CHICAGO -- In 2004, the White Sox set a franchise record with 246 home runs. However, the team missed the playoffs and won just 80 games under first-year manager Ozzie Guillen.
After that season, Guillen convinced general manager Kenny Williams to dump out of the home run mentality and add some small ball aspects to the offense. That December, Williams pulled off a straight trade that put the go-go back into the Sox’s offensive game plan by moving Carlos Lee to the Brewers for speedy leadoff man Scott Podsednik.
An ability to manufacture runs with speed on the bases was one major reason the 2005 team won the World Series. It also leads to this question: Are the 2012 Sox too dependent on the home run for scoring production.

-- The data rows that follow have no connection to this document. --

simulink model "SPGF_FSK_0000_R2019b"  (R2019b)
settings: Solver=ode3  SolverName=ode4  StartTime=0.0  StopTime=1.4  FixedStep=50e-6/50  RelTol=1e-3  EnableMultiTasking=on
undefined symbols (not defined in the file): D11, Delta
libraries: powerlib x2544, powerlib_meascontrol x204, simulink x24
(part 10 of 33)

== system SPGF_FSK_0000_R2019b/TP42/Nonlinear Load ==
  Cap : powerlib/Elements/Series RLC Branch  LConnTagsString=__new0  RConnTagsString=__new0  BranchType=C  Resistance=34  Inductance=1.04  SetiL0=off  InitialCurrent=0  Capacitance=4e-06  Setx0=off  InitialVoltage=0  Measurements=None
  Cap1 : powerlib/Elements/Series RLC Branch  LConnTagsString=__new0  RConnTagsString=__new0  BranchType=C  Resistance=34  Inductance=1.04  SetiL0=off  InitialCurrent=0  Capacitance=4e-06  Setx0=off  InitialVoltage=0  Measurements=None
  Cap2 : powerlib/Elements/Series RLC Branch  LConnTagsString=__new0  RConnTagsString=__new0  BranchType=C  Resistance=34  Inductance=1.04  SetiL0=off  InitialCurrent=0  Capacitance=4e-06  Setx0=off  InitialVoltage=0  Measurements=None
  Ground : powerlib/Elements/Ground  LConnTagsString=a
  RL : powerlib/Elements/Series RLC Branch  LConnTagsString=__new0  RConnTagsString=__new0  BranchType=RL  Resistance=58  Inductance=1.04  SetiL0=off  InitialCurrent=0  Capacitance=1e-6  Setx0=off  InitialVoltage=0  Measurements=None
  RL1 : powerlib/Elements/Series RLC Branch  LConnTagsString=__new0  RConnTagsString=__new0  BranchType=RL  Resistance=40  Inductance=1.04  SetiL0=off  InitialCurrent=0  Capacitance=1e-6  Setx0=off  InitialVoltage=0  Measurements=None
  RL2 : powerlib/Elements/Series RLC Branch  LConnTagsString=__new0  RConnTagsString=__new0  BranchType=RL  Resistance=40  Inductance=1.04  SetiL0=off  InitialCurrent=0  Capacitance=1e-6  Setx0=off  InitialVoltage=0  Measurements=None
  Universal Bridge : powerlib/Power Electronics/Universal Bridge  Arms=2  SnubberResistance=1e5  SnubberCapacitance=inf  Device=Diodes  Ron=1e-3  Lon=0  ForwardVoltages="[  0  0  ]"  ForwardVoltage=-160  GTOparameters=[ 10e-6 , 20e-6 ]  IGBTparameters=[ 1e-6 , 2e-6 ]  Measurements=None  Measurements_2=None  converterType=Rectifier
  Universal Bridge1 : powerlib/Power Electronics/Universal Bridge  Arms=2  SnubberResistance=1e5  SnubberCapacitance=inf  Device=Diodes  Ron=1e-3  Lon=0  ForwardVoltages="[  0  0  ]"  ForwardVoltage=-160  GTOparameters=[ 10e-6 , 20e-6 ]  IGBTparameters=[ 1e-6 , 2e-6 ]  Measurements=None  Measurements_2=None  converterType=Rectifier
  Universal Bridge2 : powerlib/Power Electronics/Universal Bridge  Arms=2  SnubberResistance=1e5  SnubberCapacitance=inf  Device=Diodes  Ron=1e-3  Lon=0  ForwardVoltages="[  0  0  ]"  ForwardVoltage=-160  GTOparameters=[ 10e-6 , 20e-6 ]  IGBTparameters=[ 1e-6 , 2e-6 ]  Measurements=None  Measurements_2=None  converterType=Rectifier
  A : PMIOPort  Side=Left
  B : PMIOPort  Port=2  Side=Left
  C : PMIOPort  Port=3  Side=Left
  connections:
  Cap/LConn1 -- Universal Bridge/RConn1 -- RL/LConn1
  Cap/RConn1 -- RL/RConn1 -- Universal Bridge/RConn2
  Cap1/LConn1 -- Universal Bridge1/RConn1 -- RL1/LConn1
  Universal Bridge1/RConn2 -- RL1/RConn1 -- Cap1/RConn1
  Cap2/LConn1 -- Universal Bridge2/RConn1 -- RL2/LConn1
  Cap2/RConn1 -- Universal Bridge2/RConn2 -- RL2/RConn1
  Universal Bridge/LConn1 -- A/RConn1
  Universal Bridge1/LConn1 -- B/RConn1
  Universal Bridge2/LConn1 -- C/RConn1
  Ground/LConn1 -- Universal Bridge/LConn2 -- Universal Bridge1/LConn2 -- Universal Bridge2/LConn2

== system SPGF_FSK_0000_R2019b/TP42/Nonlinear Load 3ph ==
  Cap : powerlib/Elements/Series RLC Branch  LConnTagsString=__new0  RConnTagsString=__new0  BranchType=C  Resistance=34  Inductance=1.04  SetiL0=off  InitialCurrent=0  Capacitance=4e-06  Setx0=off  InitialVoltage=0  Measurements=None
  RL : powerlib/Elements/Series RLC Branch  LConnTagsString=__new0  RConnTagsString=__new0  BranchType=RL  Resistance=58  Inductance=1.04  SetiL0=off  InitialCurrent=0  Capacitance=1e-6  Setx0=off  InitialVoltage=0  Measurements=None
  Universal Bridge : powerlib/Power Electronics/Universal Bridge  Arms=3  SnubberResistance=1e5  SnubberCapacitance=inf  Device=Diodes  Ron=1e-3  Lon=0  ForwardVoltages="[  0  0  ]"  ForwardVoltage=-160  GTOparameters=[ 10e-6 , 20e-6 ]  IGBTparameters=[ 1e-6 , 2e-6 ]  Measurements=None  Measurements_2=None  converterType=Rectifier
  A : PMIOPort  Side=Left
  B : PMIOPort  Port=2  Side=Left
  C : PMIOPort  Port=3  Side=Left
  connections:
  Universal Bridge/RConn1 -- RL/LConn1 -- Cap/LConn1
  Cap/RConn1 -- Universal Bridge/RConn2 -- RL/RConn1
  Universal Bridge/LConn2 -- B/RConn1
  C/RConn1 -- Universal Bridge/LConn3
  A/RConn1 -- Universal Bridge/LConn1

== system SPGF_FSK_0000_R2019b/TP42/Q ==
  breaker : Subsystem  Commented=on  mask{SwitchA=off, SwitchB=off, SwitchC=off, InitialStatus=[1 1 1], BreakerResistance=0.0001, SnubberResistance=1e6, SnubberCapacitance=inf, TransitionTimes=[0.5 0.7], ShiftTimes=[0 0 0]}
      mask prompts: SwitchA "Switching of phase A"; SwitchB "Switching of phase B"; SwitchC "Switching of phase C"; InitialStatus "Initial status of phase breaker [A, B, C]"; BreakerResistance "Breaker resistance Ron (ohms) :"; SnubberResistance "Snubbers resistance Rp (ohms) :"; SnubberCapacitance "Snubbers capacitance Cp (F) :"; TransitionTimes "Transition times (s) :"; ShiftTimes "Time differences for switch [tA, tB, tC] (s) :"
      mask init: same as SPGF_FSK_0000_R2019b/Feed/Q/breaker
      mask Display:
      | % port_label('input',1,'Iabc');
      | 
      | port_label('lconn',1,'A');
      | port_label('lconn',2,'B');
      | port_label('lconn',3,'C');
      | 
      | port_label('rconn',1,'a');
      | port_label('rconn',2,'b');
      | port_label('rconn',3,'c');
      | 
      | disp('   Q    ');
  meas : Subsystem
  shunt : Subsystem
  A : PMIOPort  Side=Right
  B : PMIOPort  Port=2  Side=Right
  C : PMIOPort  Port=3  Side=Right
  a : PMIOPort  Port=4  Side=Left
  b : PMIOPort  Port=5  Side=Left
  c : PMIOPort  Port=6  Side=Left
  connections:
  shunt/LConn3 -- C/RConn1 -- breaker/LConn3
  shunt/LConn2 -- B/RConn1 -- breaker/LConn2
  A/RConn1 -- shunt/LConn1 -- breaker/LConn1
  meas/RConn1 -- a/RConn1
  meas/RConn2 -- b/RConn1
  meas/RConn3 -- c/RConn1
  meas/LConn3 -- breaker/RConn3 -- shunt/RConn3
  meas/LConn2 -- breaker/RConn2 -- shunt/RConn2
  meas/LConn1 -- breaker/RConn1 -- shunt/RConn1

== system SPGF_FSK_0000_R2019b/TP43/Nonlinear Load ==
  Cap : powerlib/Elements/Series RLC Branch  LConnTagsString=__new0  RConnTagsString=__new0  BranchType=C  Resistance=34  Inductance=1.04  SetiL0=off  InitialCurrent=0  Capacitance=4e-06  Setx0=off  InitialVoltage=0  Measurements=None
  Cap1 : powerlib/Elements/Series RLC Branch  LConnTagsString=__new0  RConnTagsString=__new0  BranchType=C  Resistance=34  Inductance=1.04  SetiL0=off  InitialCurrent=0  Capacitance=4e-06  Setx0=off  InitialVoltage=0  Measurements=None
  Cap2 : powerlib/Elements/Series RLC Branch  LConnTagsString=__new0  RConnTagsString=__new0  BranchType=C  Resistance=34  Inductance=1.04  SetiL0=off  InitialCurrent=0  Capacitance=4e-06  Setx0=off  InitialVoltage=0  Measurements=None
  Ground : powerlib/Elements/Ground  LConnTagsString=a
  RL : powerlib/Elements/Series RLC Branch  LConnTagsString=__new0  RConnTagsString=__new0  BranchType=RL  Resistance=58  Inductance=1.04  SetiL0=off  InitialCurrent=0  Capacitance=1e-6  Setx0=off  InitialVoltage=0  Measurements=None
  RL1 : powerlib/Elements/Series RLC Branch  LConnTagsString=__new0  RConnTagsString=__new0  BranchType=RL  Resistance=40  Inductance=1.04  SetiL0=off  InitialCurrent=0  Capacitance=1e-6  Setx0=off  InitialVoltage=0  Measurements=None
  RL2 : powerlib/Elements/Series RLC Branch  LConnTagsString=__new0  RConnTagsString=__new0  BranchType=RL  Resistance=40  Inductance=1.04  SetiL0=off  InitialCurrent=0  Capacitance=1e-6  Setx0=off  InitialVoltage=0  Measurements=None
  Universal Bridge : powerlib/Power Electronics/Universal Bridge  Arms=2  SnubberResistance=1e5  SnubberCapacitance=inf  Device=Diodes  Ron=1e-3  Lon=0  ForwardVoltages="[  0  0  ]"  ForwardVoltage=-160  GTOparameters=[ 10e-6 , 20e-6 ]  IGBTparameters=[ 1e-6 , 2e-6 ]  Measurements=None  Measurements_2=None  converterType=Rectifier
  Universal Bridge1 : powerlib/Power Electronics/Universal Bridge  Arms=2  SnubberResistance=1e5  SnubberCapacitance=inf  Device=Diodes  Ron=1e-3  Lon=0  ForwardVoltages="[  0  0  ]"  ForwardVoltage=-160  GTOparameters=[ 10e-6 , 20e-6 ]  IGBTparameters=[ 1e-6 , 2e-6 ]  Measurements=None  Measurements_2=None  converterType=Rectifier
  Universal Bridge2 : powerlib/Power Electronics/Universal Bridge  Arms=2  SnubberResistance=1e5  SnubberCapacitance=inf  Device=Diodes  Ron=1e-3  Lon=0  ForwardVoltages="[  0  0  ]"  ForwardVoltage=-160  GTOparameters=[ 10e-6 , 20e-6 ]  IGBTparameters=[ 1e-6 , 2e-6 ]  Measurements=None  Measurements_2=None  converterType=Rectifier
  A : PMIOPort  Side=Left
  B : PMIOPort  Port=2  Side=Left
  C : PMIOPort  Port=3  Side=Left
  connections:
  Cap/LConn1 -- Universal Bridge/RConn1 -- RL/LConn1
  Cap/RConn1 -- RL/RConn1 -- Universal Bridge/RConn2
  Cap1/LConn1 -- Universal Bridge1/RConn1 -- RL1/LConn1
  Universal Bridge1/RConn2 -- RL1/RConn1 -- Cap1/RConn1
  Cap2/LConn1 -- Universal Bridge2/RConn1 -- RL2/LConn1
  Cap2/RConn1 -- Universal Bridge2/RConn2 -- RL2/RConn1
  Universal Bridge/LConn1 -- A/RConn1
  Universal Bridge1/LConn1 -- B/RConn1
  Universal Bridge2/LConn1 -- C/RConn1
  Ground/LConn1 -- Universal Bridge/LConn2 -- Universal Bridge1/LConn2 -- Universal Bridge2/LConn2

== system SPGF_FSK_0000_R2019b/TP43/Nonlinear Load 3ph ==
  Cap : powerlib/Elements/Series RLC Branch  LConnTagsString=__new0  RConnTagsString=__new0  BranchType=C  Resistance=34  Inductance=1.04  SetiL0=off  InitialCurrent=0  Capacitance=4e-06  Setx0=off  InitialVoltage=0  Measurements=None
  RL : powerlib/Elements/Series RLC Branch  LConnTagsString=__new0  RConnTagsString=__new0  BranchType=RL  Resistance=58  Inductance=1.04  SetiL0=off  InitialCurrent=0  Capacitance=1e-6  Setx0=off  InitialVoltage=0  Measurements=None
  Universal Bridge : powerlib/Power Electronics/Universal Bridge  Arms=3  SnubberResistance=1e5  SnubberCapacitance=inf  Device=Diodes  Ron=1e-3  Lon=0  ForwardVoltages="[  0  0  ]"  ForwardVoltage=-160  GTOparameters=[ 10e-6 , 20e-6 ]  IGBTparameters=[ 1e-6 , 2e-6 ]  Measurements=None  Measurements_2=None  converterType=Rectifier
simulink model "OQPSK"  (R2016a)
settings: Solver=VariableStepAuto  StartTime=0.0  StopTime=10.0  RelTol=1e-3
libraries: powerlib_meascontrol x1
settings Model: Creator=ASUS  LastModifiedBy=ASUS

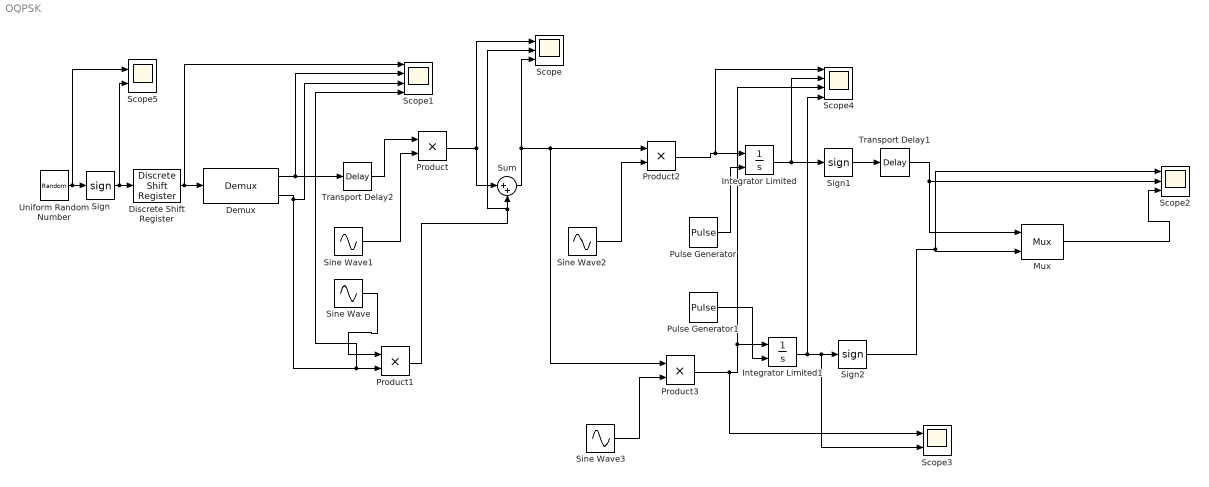
== system OQPSK ==
  Demux : Demux  Outputs=2
  Discrete Shift Register : powerlib_meascontrol/Additional Components/Discrete Shift Register  NSamples=2  InitialValue=0  Ts=1
  Integrator Limited : Integrator  ExternalReset=level  LimitOutput=on  UpperSaturationLimit=1  LowerSaturationLimit=0
  Integrator Limited1 : Integrator  ExternalReset=level  LimitOutput=on  UpperSaturationLimit=1  LowerSaturationLimit=0
  Mux : Mux  Inputs=2
  Product{,1..3} (4 alike) : Product
  Pulse Generator : DiscretePulseGenerator  PulseType=Time based  PhaseDelay=1  SampleTime=.01
  Pulse Generator1 : DiscretePulseGenerator  PulseType=Time based  PhaseDelay=1
  Scope : Scope  NumInputPorts=3
  Scope1 : Scope  NumInputPorts=4
  Scope2 : Scope  NumInputPorts=3
  Scope3 : Scope  NumInputPorts=2
  Scope4 : Scope  NumInputPorts=4
  Scope5 : Scope  NumInputPorts=2
  Sign : Signum
  Sign1 : Signum
  Sign2 : Signum
  Sine Wave : Sin  Frequency=2*pi*5  SampleTime=.01
  Sine Wave1 : Sin  Frequency=2*pi*5  Phase=pi/2  SampleTime=.01
  Sine Wave2 : Sin  Frequency=2*pi*5  Phase=pi/2  SampleTime=.01
  Sine Wave3 : Sin  Frequency=2*pi*5  SampleTime=.01
  Sum : Sum  Inputs=|++
  Transport Delay1 : TransportDelay
  Transport Delay2 : TransportDelay
  Uniform Random Number : UniformRandomNumber  SampleTime=1
  wires:
  Uniform Random Number/1 -> Scope5/1, Sign/1
  Sign/1 -> Scope5/2, Discrete Shift Register/1
  Discrete Shift Register/1 -> Scope1/1, Demux/1
  Product/1 -> Sum/1, Scope/1
  Product1/1 -> Scope/2, Sum/2
  Sine Wave1/1 -> Product/2
  Sine Wave/1 -> Product1/1
  Demux/1 -> Transport Delay2/1, Scope1/2
  Sum/1 -> Product3/1, Product2/1, Scope/3
  Sine Wave2/1 -> Product2/2
  Product2/1 -> Scope4/1, Integrator Limited/1
  Pulse Generator/1 -> Integrator Limited/2
  Product3/1 -> Integrator Limited1/1, Scope4/3, Scope3/1
  Integrator Limited1/1 -> Scope4/4, Scope3/2, Sign2/1
  Sign2/1 -> Mux/2, Scope2/1
  Integrator Limited/1 -> Sign1/1, Scope4/2
  Transport Delay1/1 -> Mux/1, Scope2/2
  Sine Wave3/1 -> Product3/2
  Pulse Generator1/1 -> Integrator Limited1/2
  Mux/1 -> Scope2/3
  Sign1/1 -> Transport Delay1/1
  Demux/2 -> Scope1/4, Product1/2, Scope1/3
  Transport Delay2/1 -> Product/1

“I think we can hit some homers, but it’s different than some of the other teams I have been on,” Paul Konerko said. “We have won enough games where we did not hit a home run to make me think we can continue to win those games. It is kind of the line that you draw. I think this team is on the good side of that line, so we can win games and manufacture runs while shutting down the opposing team with a good bullpen and defense.”
The White Sox have scored 45 percent of their runs via the long ball. That ranks them third in baseball in that category – they are behind the Yankees who are No. 1, having scored more than 50 percent of their runs on homers. The Sox also rank second in baseball in total home runs (the Yanks are first).
“You just need to balance it out,” said manager Robin Ventura. “Sometimes, I think we get a bit of a reliance on hitting home runs. So (we need) more of an approach to be able to score in other ways. Home runs are great, but if you’re going to win in September, you are going to have to score runs in other ways.”
It’s worth pointing out the White Sox will always have to be built around home runs to some extent due to the friendly dimensions of U.S Cellular Field. The Sox’s ballpark has yielded 171 home runs -- the fourth highest total in baseball.